3. Reduce extrusion force
In order to prevent die tooth breakage, the extrusion force should be reduced as much as possible, and the extrusion force is related to the ingot length, alloy deformation resistance, ingot state, deformation degree and other factors. Therefore, the cast rod of extruded heat dissipation aluminum profile should not be too long, which is about 0.6~0.85 times the length of the normal cast rod. Especially when testing the mold and extruding the first casting rod, in order to ensure the successful production of qualified products, it is better to use a shorter casting rod, that is, a casting rod with a length of (0.4~0.6) times of the normal casting rod to test the mold.
For the section of radiator profile with complex shape, in addition to shortening the length of casting rod, it can also consider using pure aluminum short casting as the first trial extrusion. After the trial extrusion is successful, normal ingot can be used for extrusion production.

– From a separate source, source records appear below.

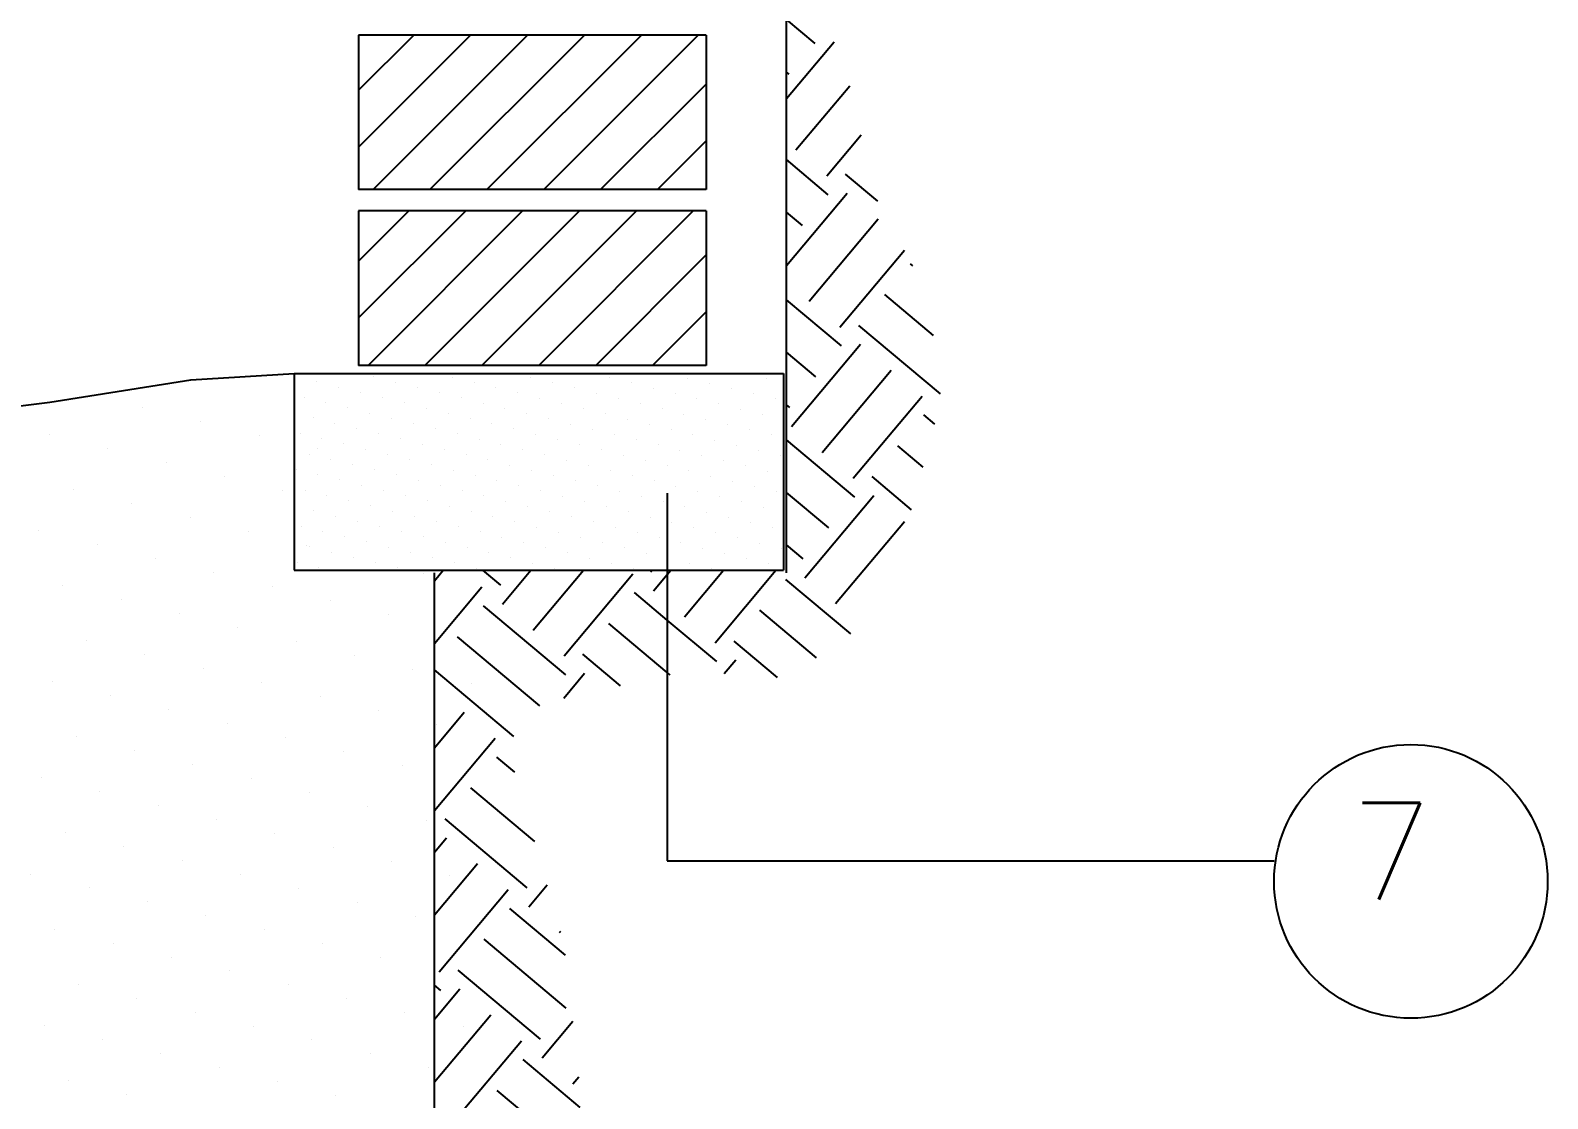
# Model space of a CAD drawing. Header units: millimetres. Extents: x 8199 to 54578, y -26210 to 18307.
# Drawn here: x 32485 to 33287, y -22888 to -22324 of the extents above; entities that cross this region are included whole.
import ezdxf

# ---------------------------------------------------------------- set-up
doc = ezdxf.new("R2010")
doc.units = ezdxf.units.MM
doc.header["$MEASUREMENT"] = 0
doc.layers.add('SEGURIDADYSALUD', color=7, linetype='Continuous')
doc.styles.add('R', font='simplex.shx')

# ---------------------------------------------------------------- blocks, each defined once
blk = doc.blocks.new('*X89')
at = {"color": 0}
for p, q in [((4.2388, 8.393), (4.3245, 8.4787)), ((4.2388, 8.3047), (4.4128, 8.4787)), ((4.2612, 8.2387), (4.5012, 8.4787)), ((4.3496, 8.2387), (4.5896, 8.4787)), ((4.438, 8.2387), (4.678, 8.4787)), ((4.5264, 8.2387), (4.7664, 8.4787)), ((4.6148, 8.2387), (4.7788, 8.4027)), ((4.7032, 8.2387), (4.7788, 8.3143)), ((4.2388, 8.1279), (4.3168, 8.2059)), ((4.2388, 8.0395), (4.4052, 8.2059)), ((4.2535, 7.9659), (4.4935, 8.2059)), ((4.3419, 7.9659), (4.5819, 8.2059)), ((4.4303, 7.9659), (4.6703, 8.2059)), ((4.5187, 7.9659), (4.7587, 8.2059)), ((4.6071, 7.9659), (4.7788, 8.1376)), ((4.6955, 7.9659), (4.7788, 8.0492))]:
    blk.add_line(p, q, dxfattribs=at)
blk = doc.blocks.new('*X94')
at = {"color": 0}
for p, q in [((4.1402, 7.9483), (4.1402, 7.9483)), ((4.2622, 7.9479), (4.2622, 7.9479)), ((4.3842, 7.9475), (4.3842, 7.9475)), ((4.5063, 7.947), (4.5063, 7.947)), ((4.6283, 7.9466), (4.6283, 7.9466)), ((4.7504, 7.9462), (4.7504, 7.9462)), ((4.8724, 7.9458), (4.8724, 7.9458)), ((4.1742, 7.9402), (4.1742, 7.9402)), ((4.2081, 7.9321), (4.2081, 7.9321)), ((4.2421, 7.9239), (4.2421, 7.9239)), ((4.2962, 7.9398), (4.2962, 7.9398)), ((4.3302, 7.9316), (4.3302, 7.9316)), ((4.3642, 7.9235), (4.3642, 7.9235)), ((4.4182, 7.9393), (4.4182, 7.9393)), ((4.4522, 7.9312), (4.4522, 7.9312)), ((4.4862, 7.9231), (4.4862, 7.9231)), ((4.5403, 7.9389), (4.5403, 7.9389)), ((4.5742, 7.9308), (4.5742, 7.9308)), ((4.6082, 7.9227), (4.6082, 7.9227)), ((4.6623, 7.9385), (4.6623, 7.9385)), ((4.6963, 7.9304), (4.6963, 7.9304)), ((4.7303, 7.9223), (4.7303, 7.9223)), ((4.7843, 7.9381), (4.7843, 7.9381)), ((4.8183, 7.93), (4.8183, 7.93)), ((4.8523, 7.9219), (4.8523, 7.9219)), ((4.1541, 7.9162), (4.1541, 7.9162)), ((4.1881, 7.9081), (4.1881, 7.9081)), ((4.222, 7.9), (4.222, 7.9)), ((4.2761, 7.9158), (4.2761, 7.9158)), ((4.3101, 7.9077), (4.3101, 7.9077)), ((4.3441, 7.8996), (4.3441, 7.8996)), ((4.3981, 7.9154), (4.3981, 7.9154)), ((4.4321, 7.9073), (4.4321, 7.9073)), ((4.4661, 7.8992), (4.4661, 7.8992)), ((4.5202, 7.915), (4.5202, 7.915)), ((4.5542, 7.9069), (4.5542, 7.9069)), ((4.5881, 7.8988), (4.5881, 7.8988)), ((4.6422, 7.9146), (4.6422, 7.9146)), ((4.6762, 7.9065), (4.6762, 7.9065)), ((4.7102, 7.8983), (4.7102, 7.8983)), ((4.7642, 7.9142), (4.7642, 7.9142)), ((4.7982, 7.906), (4.7982, 7.906)), ((4.8322, 7.8979), (4.8322, 7.8979)), ((4.8863, 7.9137), (4.8863, 7.9137)), ((4.168, 7.8842), (4.168, 7.8842)), ((4.202, 7.8761), (4.202, 7.8761)), ((4.256, 7.8919), (4.256, 7.8919)), ((4.29, 7.8838), (4.29, 7.8838)), ((4.324, 7.8756), (4.324, 7.8756)), ((4.3781, 7.8915), (4.3781, 7.8915)), ((4.412, 7.8833), (4.412, 7.8833)), ((4.446, 7.8752), (4.446, 7.8752)), ((4.5001, 7.8911), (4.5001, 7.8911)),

Homogenization annealing of ingot can not only make the structure and properties uniform, but also improve the extrusion performance and reduce the extrusion force. Therefore, it requires homogenization annealing of ingot. As for the influence of deformation degree, because the sectional area of radiator profiles is generally large and the extrusion coefficient is generally within 40, the influence is small.
4. Extrusion process
The key to the production of radiator profiles is the first die test of the extrusion die. If possible, you can first do a simulation test on the computer to see whether the working belt of the die design is reasonable, and then try the die on the extruder. The first mold test is very important. The operator should make the main plunger move slowly under a low pressure lower than 8MPa when it is moving forward and pressing up. It is better for someone to look at the mold outlet with a flashlight light. After each radiator of the extrusion mold is evenly squeezed out of the mold hole, gradually pressurize and accelerate the extrusion. When continuing to extrude after successful die test, the extrusion speed shall be controlled to ensure smooth operation. During the production of radiator profiles, attention should be paid to the heating temperature of the mold to make the mold temperature close to the ingot temperature. If the temperature difference is too large, due to the slow extrusion speed when pressing, the metal temperature will drop, which is prone to die plugging or uneven flow rate.